I haven't used OKCupid in a couple of years, but when I did, there were two paths to giving someone a star rating. You could look at their regular profile, usually including several pictures and a couple screens of text, and click a control at the top to rate it; or you could enter a quick matching system that'd show you up to three pictures and an abbreviated version of their profile text. (There were a lot of jokes about how no one reads the text, but I got the impression that most people at least skimmed it.) There was also a "My Best Face" feature that did look at individual pictures, but that used an up/down rating system rather than the star ratings, and context here suggests that we're talking about profiles. Not that any of that matters here, since everything I said in the grandparent depends only on the photos.

If you can't see subcultural signaling in the picture on the right, I don't know what to tell you. She's fairly clearly urban rather than rural, and at least middle-class but probably not upper-; she's communicating a specific type of sexuality; and she's likely into the alternative fashion scene in some way; there are other things she's saying but those are the most obvious ones. You could call it "hipster", but that's less kind and more general than what I have in mind. The picture on the left is far less culturally marked, although I could probably venture a couple of good guesses.

(Not my downvote, by the way.)

comment by G-Max · 2015-01-14T23:43:26.510Z · score: -4 (8 votes) · LW · GW

She has a white flower in her hair, and there's a brick wall behind her. There's absolutely NOTHING about either of these things to suggest whether she is urban or rural, nor what her income level is, nor anything remotely sexual. The ear bling (are those supposed to be skulls?) is unusual, but is no more indicative of being a "hipster" than it is of being a goth, or maybe it's something that her best friend made for her at summer camp ten years ago and she still wears it because said friend died in a car accident. We have no bloody idea whatsoever.

Silly neurotypicals... always overestimating their own mind-reading abilities :/

I'm now quite interested in posting some pics of myself and seeing what ridiculous conclusions you draw from them. Are you game?

comment by Kindly · 2015-01-15T02:50:04.382Z · score: 4 (4 votes) · LW · GW

Whether or not the subcultural signals are there or not, the only thing that matters if you want an explanation of the "1"s is whether many people would think that the subcultural signals are there. And I think that we've established that enough people not only think so, but don't understand why you can't see them.

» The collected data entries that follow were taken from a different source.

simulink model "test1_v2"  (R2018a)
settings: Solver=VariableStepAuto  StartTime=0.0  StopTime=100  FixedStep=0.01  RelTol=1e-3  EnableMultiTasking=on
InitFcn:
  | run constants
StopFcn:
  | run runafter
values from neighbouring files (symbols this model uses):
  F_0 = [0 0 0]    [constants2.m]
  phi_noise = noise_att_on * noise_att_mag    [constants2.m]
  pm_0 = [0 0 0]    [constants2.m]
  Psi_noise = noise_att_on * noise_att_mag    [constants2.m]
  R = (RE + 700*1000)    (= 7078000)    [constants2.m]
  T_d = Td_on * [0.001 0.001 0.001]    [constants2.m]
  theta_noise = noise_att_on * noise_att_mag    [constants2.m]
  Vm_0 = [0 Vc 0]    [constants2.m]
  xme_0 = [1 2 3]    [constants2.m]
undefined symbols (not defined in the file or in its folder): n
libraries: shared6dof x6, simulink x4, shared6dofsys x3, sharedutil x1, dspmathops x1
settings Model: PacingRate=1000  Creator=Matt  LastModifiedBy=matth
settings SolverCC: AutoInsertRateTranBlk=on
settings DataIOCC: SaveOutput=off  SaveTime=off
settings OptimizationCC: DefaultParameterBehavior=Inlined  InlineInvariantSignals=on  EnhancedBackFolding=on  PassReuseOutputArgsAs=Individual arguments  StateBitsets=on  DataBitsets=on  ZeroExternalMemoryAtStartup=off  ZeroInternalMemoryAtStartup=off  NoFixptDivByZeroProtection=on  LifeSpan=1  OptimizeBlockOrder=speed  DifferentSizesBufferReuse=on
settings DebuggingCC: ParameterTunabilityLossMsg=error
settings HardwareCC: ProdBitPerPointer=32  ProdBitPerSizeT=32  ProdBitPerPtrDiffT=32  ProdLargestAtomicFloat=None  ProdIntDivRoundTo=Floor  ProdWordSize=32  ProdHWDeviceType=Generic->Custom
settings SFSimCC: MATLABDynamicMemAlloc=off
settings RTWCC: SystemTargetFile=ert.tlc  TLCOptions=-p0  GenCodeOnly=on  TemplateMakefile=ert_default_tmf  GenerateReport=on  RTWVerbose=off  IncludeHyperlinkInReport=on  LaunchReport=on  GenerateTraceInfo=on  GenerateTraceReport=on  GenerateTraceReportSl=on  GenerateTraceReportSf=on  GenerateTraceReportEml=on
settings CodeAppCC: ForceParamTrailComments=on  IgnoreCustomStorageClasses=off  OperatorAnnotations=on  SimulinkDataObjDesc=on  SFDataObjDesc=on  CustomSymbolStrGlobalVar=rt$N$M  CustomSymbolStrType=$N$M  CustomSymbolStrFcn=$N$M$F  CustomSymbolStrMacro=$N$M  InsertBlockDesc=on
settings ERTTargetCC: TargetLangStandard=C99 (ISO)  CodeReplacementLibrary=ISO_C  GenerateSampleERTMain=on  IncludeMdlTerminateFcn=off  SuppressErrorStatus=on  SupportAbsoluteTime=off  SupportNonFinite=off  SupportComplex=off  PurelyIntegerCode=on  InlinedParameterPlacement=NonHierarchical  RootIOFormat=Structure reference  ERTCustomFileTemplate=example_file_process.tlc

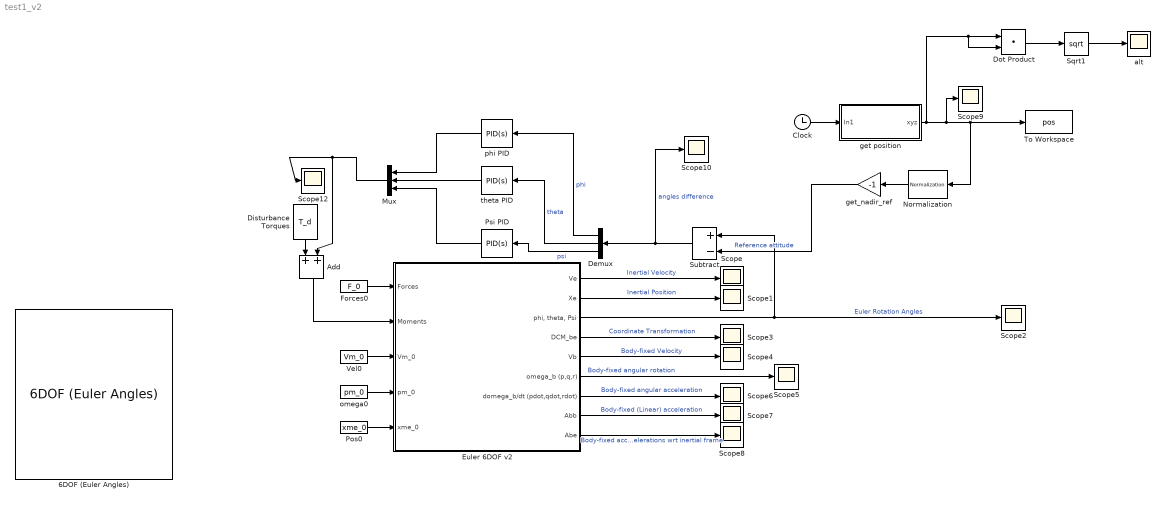
== system test1_v2 ==
  6DOF (Euler Angles) : shared6dof/6DOF (Euler Angles)  units=Metric (MKS)  mtype=Fixed  rep=Euler Angles  xme_0=[0 0 0]  Vm_0=[0 0 0]  eul_0=[0 0 0]  pm_0=[0 0 0]  mass_0=1.0  mass_e=0.5  mass_f=2.0  inertia=eye(3)  inertia_e=eye(3)  inertia_f=2*eye(3)  k_quat=1.0  vre_flag=on  abi_flag=off  aMode=0
      settings: SourceProductBaseCode=AE
  Add : Sum
  Clock : Clock
  Demux : Demux  Outputs=3
  Disturbance Torques : Constant  Value=T_d
  Dot Product : DotProduct  InputSameDT=on  OutDataTypeStr=Inherit: Inherit via internal rule
  Euler 6DOF v2 : Subsystem
  Forces0 : Constant  Value=F_0
  Mux : Mux  Inputs=3
  Normalization : dspmathops/Normalization  NormType=2-norm  Bias=1e-10  NormOver=Each column  Dimension=1  roundingMode=Floor  overflowMode=off  accumDataTypeStr=Inherit: Same as product output  accumLastDataTypeStr=Inherit: Same as product output  outputDataTypeStr=Inherit: Same as product output  outputMin=[]  outputMax=[]  outputLastDataTypeStr=Inherit: Same as product output
      settings: SourceProductName=DSP System Toolbox
  Pos0 : Constant  Value=xme_0
  Psi PID : simulink/Continuous/PID Controller  Controller=PID  TimeDomain=Continuous-time  SampleTime=-1  IntegratorMethod=Forward Euler  FilterMethod=Forward Euler  Form=Parallel  UseFilter=on  ControllerParametersSource=internal  P=-730.157338378478  I=-36.609264068618  D=-2842.71233291057  N=10.4897155810233  InitialConditionSource=internal  InitialConditionForIntegrator=0  InitialConditionForFilter=0  ExternalReset=none  LimitOutput=off  UpperSaturationLimit=inf  LowerSaturationLimit=-inf  LinearizeAsGain=on  AntiWindupMode=none  Kb=1  TrackingMode=off  Kt=1  PParamMin=[]  PParamMax=[]  IParamMin=[]  IParamMax=[]  DParamMin=[]  DParamMax=[]  NParamMin=[]  NParamMax=[]  KbParamMin=[]  KbParamMax=[]  KtParamMin=[]  KtParamMax=[]  POutMin=[]  POutMax=[]  IOutMin=[]  IOutMax=[]  DOutMin=[]  DOutMax=[]  NOutMin=[]  NOutMax=[]  KbOutMin=[]  KbOutMax=[]  KtOutMin=[]  KtOutMax=[]  IntegratorOutMin=[]  IntegratorOutMax=[]  FilterOutMin=[]  FilterOutMax=[]  SumOutMin=[]  SumOutMax=[]  SumI1OutMin=[]  SumI1OutMax=[]  SumI2OutMin=[]  SumI2OutMax=[]  SumI3OutMin=[]  SumI3OutMax=[]  SumDOutMin=[]  SumDOutMax=[]  SaturationOutMin=[]  SaturationOutMax=[]  IntegratorContinuousStateAttributes=''  IntegratorStateMustResolveToSignalObject=off  IntegratorRTWStateStorageClass=Auto  FilterContinuousStateAttributes=''  FilterStateMustResolveToSignalObject=off  FilterRTWStateStorageClass=Auto  DifferentiatorICPrevScaledInput=0  DifferentiatorOutMin=[]  DifferentiatorOutMax=[]  FilterDiffOutCoefMin=[]  FilterDiffOutCoefMax=[]  SumDenOutMin=[]  SumDenOutMax=[]  SumNumOutMin=[]  SumNumOutMax=[]  ReciprocalOutMin=[]  ReciprocalOutMax=[]  DivideOutMin=[]  DivideOutMax=[]  TunerSelectOption=Transfer Function Based (PID Tuner App)
  Scope{,1..10,12} (12 alike) : Scope
  Sqrt1 : Sqrt  SaturateOnIntegerOverflow=on
  Subtract : Sum  Inputs=+-
  To Workspace : ToWorkspace  VariableName=pos  SaveFormat=Timeseries  SampleTime=-1
  Vel0 : Constant  Value=Vm_0
  alt : Scope
  get position : Subsystem
  "get_nadir_ref " : Gain  Gain=-1
  "omega0 " : Constant  Value=pm_0
  "phi PID " : simulink/Continuous/PID Controller  Controller=PID  TimeDomain=Continuous-time  SampleTime=-1  IntegratorMethod=Forward Euler  FilterMethod=Forward Euler  Form=Parallel  UseFilter=on  ControllerParametersSource=internal  P=-464.198158177747  I=-21.7313338529705  D=-2434.80245399495  N=5.45397025421619  InitialConditionSource=internal  InitialConditionForIntegrator=0  InitialConditionForFilter=0  ExternalReset=none  LimitOutput=off  UpperSaturationLimit=inf  LowerSaturationLimit=-inf  LinearizeAsGain=on  AntiWindupMode=none  Kb=1  TrackingMode=off  Kt=1  PParamMin=[]  PParamMax=[]  IParamMin=[]  IParamMax=[]  DParamMin=[]  DParamMax=[]  NParamMin=[]  NParamMax=[]  KbParamMin=[]  KbParamMax=[]  KtParamMin=[]  KtParamMax=[]  POutMin=[]  POutMax=[]  IOutMin=[]  IOutMax=[]  DOutMin=[]  DOutMax=[]  NOutMin=[]  NOutMax=[]  KbOutMin=[]  KbOutMax=[]  KtOutMin=[]  KtOutMax=[]  IntegratorOutMin=[]  IntegratorOutMax=[]  FilterOutMin=[]  FilterOutMax=[]  SumOutMin=[]  SumOutMax=[]  SumI1OutMin=[]  SumI1OutMax=[]  SumI2OutMin=[]  SumI2OutMax=[]  SumI3OutMin=[]  SumI3OutMax=[]  SumDOutMin=[]  SumDOutMax=[]  SaturationOutMin=[]  SaturationOutMax=[]  IntegratorContinuousStateAttributes=''  IntegratorStateMustResolveToSignalObject=off  IntegratorRTWStateStorageClass=Auto  FilterContinuousStateAttributes=''  FilterStateMustResolveToSignalObject=off  FilterRTWStateStorageClass=Auto  DifferentiatorICPrevScaledInput=0  DifferentiatorOutMin=[]  DifferentiatorOutMax=[]  FilterDiffOutCoefMin=[]  FilterDiffOutCoefMax=[]  SumDenOutMin=[]  SumDenOutMax=[]  SumNumOutMin=[]  SumNumOutMax=[]  ReciprocalOutMin=[]  ReciprocalOutMax=[]  DivideOutMin=[]  DivideOutMax=[]  TunerSelectOption=Transfer Function Based (PID Tuner App)
  theta PID : simulink/Continuous/PID Controller  Controller=PID  TimeDomain=Continuous-time  SampleTime=-1  IntegratorMethod=Forward Euler  FilterMethod=Forward Euler  Form=Parallel  UseFilter=on  ControllerParametersSource=internal  P=-568.423410964435  I=-28.5001924417647  D=-2213.03320065217  N=10.4897155810233  InitialConditionSource=internal  InitialConditionForIntegrator=0  InitialConditionForFilter=0  ExternalReset=none  LimitOutput=off  UpperSaturationLimit=inf  LowerSaturationLimit=-inf  LinearizeAsGain=on  AntiWindupMode=none  Kb=1  TrackingMode=off  Kt=1  PParamMin=[]  PParamMax=[]  IParamMin=[]  IParamMax=[]  DParamMin=[]  DParamMax=[]  NParamMin=[]  NParamMax=[]  KbParamMin=[]  KbParamMax=[]  KtParamMin=[]  KtParamMax=[]  POutMin=[]  POutMax=[]  IOutMin=[]  IOutMax=[]  DOutMin=[]  DOutMax=[]  NOutMin=[]  NOutMax=[]  KbOutMin=[]  KbOutMax=[]  KtOutMin=[]  KtOutMax=[]  IntegratorOutMin=[]  IntegratorOutMax=[]  FilterOutMin=[]  FilterOutMax=[]  SumOutMin=[]  SumOutMax=[]  SumI1OutMin=[]  SumI1OutMax=[]  SumI2OutMin=[]  SumI2OutMax=[]  SumI3OutMin=[]  SumI3OutMax=[]  SumDOutMin=[]  SumDOutMax=[]  SaturationOutMin=[]  SaturationOutMax=[]  IntegratorContinuousStateAttributes=''  IntegratorStateMustResolveToSignalObject=off  IntegratorRTWStateStorageClass=Auto  FilterContinuousStateAttributes=''  FilterStateMustResolveToSignalObject=off  FilterRTWStateStorageClass=Auto  DifferentiatorICPrevScaledInput=0  DifferentiatorOutMin=[]  DifferentiatorOutMax=[]  FilterDiffOutCoefMin=[]  FilterDiffOutCoefMax=[]  SumDenOutMin=[]  SumDenOutMax=[]  SumNumOutMin=[]  SumNumOutMax=[]  ReciprocalOutMin=[]  ReciprocalOutMax=[]  DivideOutMin=[]  DivideOutMax=[]  TunerSelectOption=Transfer Function Based (PID Tuner App)
  wires:
  Euler 6DOF v2/1(Ve) -> Scope/1  "Inertial Velocity"
  Euler 6DOF v2/2(Xe) -> Scope1/1  "Inertial Position"
  Euler 6DOF v2/3("phi, theta, Psi") -> Subtract/1, Scope2/1  "Euler Rotation Angles"
  Euler 6DOF v2/4(DCM_be) -> Scope3/1  "Coordinate Transformation"
  Euler 6DOF v2/5(Vb) -> Scope4/1  "Body-fixed Velocity"
  Euler 6DOF v2/6(omega_b (p,q,r)) -> Scope5/1  "Body-fixed angular rotation"
  Euler 6DOF v2/7(domega_b/dt (pdot,qdot,rdot)) -> Scope6/1  "Body-fixed angular acceleration"
  Euler 6DOF v2/8(Abb) -> Scope7/1  "Body-fixed (Linear) acceleration"
  Euler 6DOF v2/9(Abe) -> Scope8/1  "Body-fixed accelerations wrt inertial frame"
  "get_nadir_ref "/1 -> Subtract/2  "Reference attitude"
  Demux/1 -> "phi PID "/1  "phi"
  Demux/2 -> theta PID/1  "theta"
  Demux/3 -> Psi PID/1  "psi"
  "phi PID "/1 -> Mux/1
  theta PID/1 -> Mux/2
  Psi PID/1 -> Mux/3
  Mux/1 -> Add/2, Scope12/1
  Subtract/1 -> Scope10/1, Demux/1  "angles difference"
  Forces0/1 -> Euler 6DOF v2/1(Forces)
  Vel0/1 -> Euler 6DOF v2/3(Vm_0)
  Pos0/1 -> Euler 6DOF v2/5("xme_0 ")
  "omega0 "/1 -> Euler 6DOF v2/4("pm_0 ")
  Disturbance Torques/1 -> Add/1
  Add/1 -> Euler 6DOF v2/2(Moments)
  Dot Product/1 -> Sqrt1/1
  Sqrt1/1 -> alt/1
  Clock/1 -> get position/1(In1)
  get position/1(xyz) -> Dot Product/2, Dot Product/1, Normalization/1, To Workspace/1, Scope9/1
  Normalization/1 -> "get_nadir_ref "/1

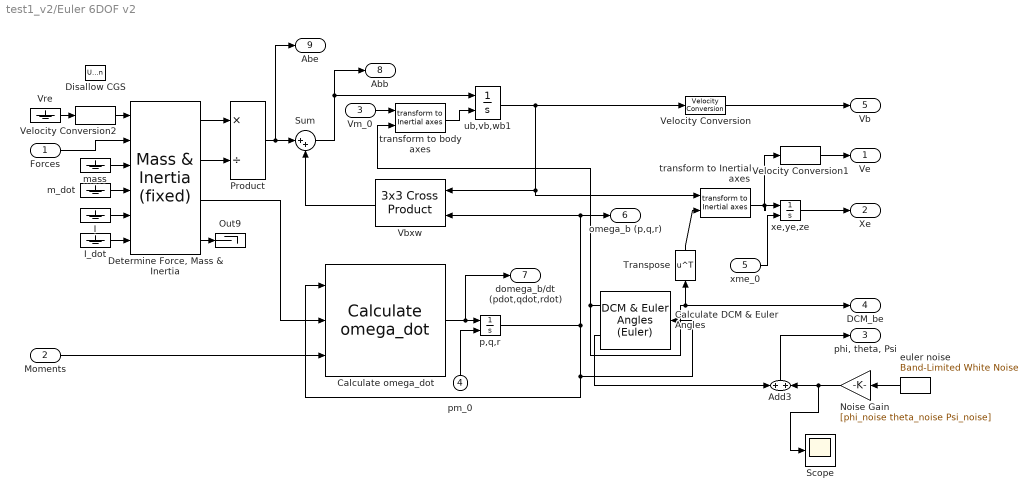
== system test1_v2/Euler 6DOF v2 ==
  Forces : Inport  Unit=N  PortDimensions=3
  Moments : Inport  Port=2  Unit=N*m  PortDimensions=3
  Vm_0 : Inport  Port=3
  "pm_0 " : Inport  Port=4
  "xme_0 " : Inport  Port=5
  Add3 : Sum
  Calculate DCM & Euler Angles : shared6dofsys/DCM & Euler Angles (Euler)  aMode=aMode
      settings: SourceProductName=Aerospace Blockset  SourceProductBaseCode=AE
  Calculate omega_dot : shared6dofsys/Calculate omega_dot  aMode=aMode
      settings: SourceProductName=Aerospace Blockset  SourceProductBaseCode=AE
  "Determine Force, Mass & Inertia" : shared6dofsys/Mass & Inertia (fixed)  aMode=aMode
      settings: SourceProductName=Aerospace Blockset  SourceProductBaseCode=AE
  Disallow CGS : UnitConfiguration  UnitSystemsStr=English,SI,SI (extended)  AllowAllUnitSystems=off
  I : Ground
  I_dot : Ground
  Noise Gain : Gain  Gain=[phi_noise theta_noise Psi_noise]
  Out9 : Terminator
  Product : Product  Inputs=*/  SaturateOnIntegerOverflow=on  OutDataTypeStr=Inherit: Same as first input
  Scope : Scope
  Sum : Sum  Inputs=|++  SaturateOnIntegerOverflow=on
  Transpose : Math  Operator=transpose  SaturateOnIntegerOverflow=on
  Vbxw : sharedutil/3x3 Cross Product  aMode=aMode
      settings: SourceProductBaseCode=AE
  Velocity Conversion : shared6dof/6DOF (Euler Angles)/Velocity Conversion
      settings: SourceProductName=Aerospace Blockset  SourceProductBaseCode=AE
  Velocity Conversion1 : shared6dof/6DOF (Euler Angles)/Velocity Conversion1
      settings: SourceProductName=Aerospace Blockset  SourceProductBaseCode=AE
  Velocity Conversion2 : shared6dof/6DOF (Euler Angles)/Velocity Conversion2
      settings: SourceProductName=Aerospace Blockset  SourceProductBaseCode=AE
  Vre : Ground
  euler noise : simulink/Sources/Band-Limited White Noise  Cov=[0.1]  Ts=1  seed=[23341]
  m_dot : Ground
  mass : Ground
  "p,q,r " : Integrator  InitialConditionSource=external  InitialCondition=pm_0
  "transform to Inertial axes " : shared6dof/6DOF (Euler Angles)/transform to Inertial axes   SystemSampleTime=-1
      settings: SourceProductName=Aerospace Blockset  SourceProductBaseCode=AE
  transform to body axes : shared6dof/6DOF (Euler Angles)/transform to Inertial axes   SystemSampleTime=-1
      settings: SourceProductName=Aerospace Blockset  SourceProductBaseCode=AE
  ub,vb,wb1 : Integrator  InitialConditionSource=external  InitialCondition=Vm_0
  xe,ye,ze : Integrator  InitialConditionSource=external  InitialCondition=xme_0
  Ve : Outport  Unit=m/s
  Xe : Outport  Port=2  Unit=m
  "phi, theta, Psi" : Outport  Port=3  Unit=rad
  DCM_be : Outport  Port=4  Unit=1
  Vb : Outport  Port=5  Unit=m/s
  omega_b (p,q,r) : Outport  Port=6  Unit=rad/s
  domega_b/dt (pdot,qdot,rdot) : Outport  Port=7  Unit=rad/s^2
  Abb : Outport  Port=8  Unit=m/s^2
  Abe : Outport  Port=9  Unit=m/s^2
  wires:
  Calculate DCM & Euler Angles/1 -> transform to body axes/2, Transpose/1, DCM_be/1
  Vbxw/1 -> Sum/2
  Velocity Conversion/1 -> Vb/1
  xe,ye,ze/1 -> Xe/1
  Vre/1 -> Velocity Conversion2/1
  Calculate DCM & Euler Angles/2 -> Add3/1
  "p,q,r "/1 -> Calculate omega_dot/1, Calculate DCM & Euler Angles/1, omega_b (p,q,r)/1, Vbxw/2
  Product/1 -> Sum/1, Abe/1
  Moments/1 -> Calculate omega_dot/3
  "Determine Force, Mass & Inertia"/2 -> Product/2
  "transform to Inertial axes "/1 -> xe,ye,ze/1, Velocity Conversion1/1
  "Determine Force, Mass & Inertia"/4 -> Out9/1
  Transpose/1 -> "transform to Inertial axes "/2
  mass/1 -> "Determine Force, Mass & Inertia"/3
  Velocity Conversion1/1 -> Ve/1
  Calculate omega_dot/1 -> "p,q,r "/1, domega_b/dt (pdot,qdot,rdot)/1
  I/1 -> "Determine Force, Mass & Inertia"/5
  "Determine Force, Mass & Inertia"/3 -> Calculate omega_dot/2
  ub,vb,wb1/1 -> "transform to Inertial axes "/1, Vbxw/1, Velocity Conversion/1
  "Determine Force, Mass & Inertia"/1 -> Product/1
  Forces/1 -> "Determine Force, Mass & Inertia"/2
  Velocity Conversion2/1 -> "Determine Force, Mass & Inertia"/1
  I_dot/1 -> "Determine Force, Mass & Inertia"/6
  Sum/1 -> Abb/1, ub,vb,wb1/1
  m_dot/1 -> "Determine Force, Mass & Inertia"/4
  Vm_0/1 -> transform to body axes/1
  "pm_0 "/1 -> "p,q,r "/2
  "xme_0 "/1 -> xe,ye,ze/2
  Noise Gain/1 -> Scope/1, Add3/2
  Add3/1 -> "phi, theta, Psi"/1
  euler noise/1 -> Noise Gain/1
  transform to body axes/1 -> ub,vb,wb1/2

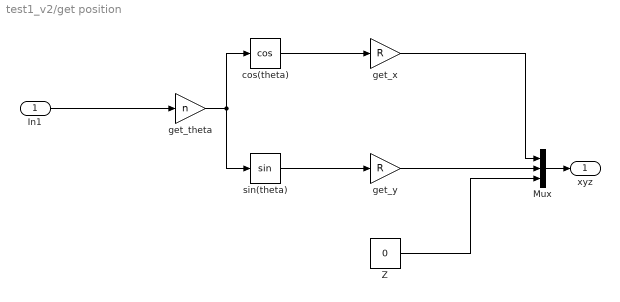
== system test1_v2/get position ==
  In1 : Inport
  Mux : Mux  Inputs=3
  "Z " : Constant  Value=0
  cos(theta) : Trigonometry  Operator=cos
  get_theta : Gain  Gain=n
  "get_x " : Gain  Gain=R
  get_y : Gain  Gain=R
  sin(theta) : Trigonometry
  xyz : Outport
  wires:
  In1/1 -> get_theta/1
  get_theta/1 -> cos(theta)/1, sin(theta)/1
  cos(theta)/1 -> "get_x "/1
  sin(theta)/1 -> get_y/1
  "Z "/1 -> Mux/3
  get_y/1 -> Mux/2
  "get_x "/1 -> Mux/1
  Mux/1 -> xyz/1

comment by G-Max · 2015-01-15T03:05:57.392Z · score: 0 (0 votes) · LW · GW

Alright, since you've given the only remotely rational response, I'll pass the ball on to you. Would you be interested in making guesses about me based on my own OKC pictures, and then learning how right or wrong your guesses are?

comment by Jiro · 2015-01-15T09:36:29.949Z · score: 3 (3 votes) · LW · GW

If you don't comprehend signals, it's quite possible that everyone else is signalling (and thus signalling can be determined from their pictures) but you are not (and thus it can't be determined from yours). So looking at your own pictures isn't going to demonstrate anything useful.

comment by Kindly · 2015-01-15T14:21:22.106Z · score: 0 (0 votes) · LW · GW

I would prefer not to.

comment by Nornagest · 2015-01-15T01:09:32.459Z · score: 4 (4 votes) · LW · GW

There's nothing there that can prove anything I've mentioned, but there's quite a bit to suggest it. Sure, it's theoretically possible that I could be totally wrong; signals like this give evidence, not hard data. But I'd still bet at long odds that I've got most of it right.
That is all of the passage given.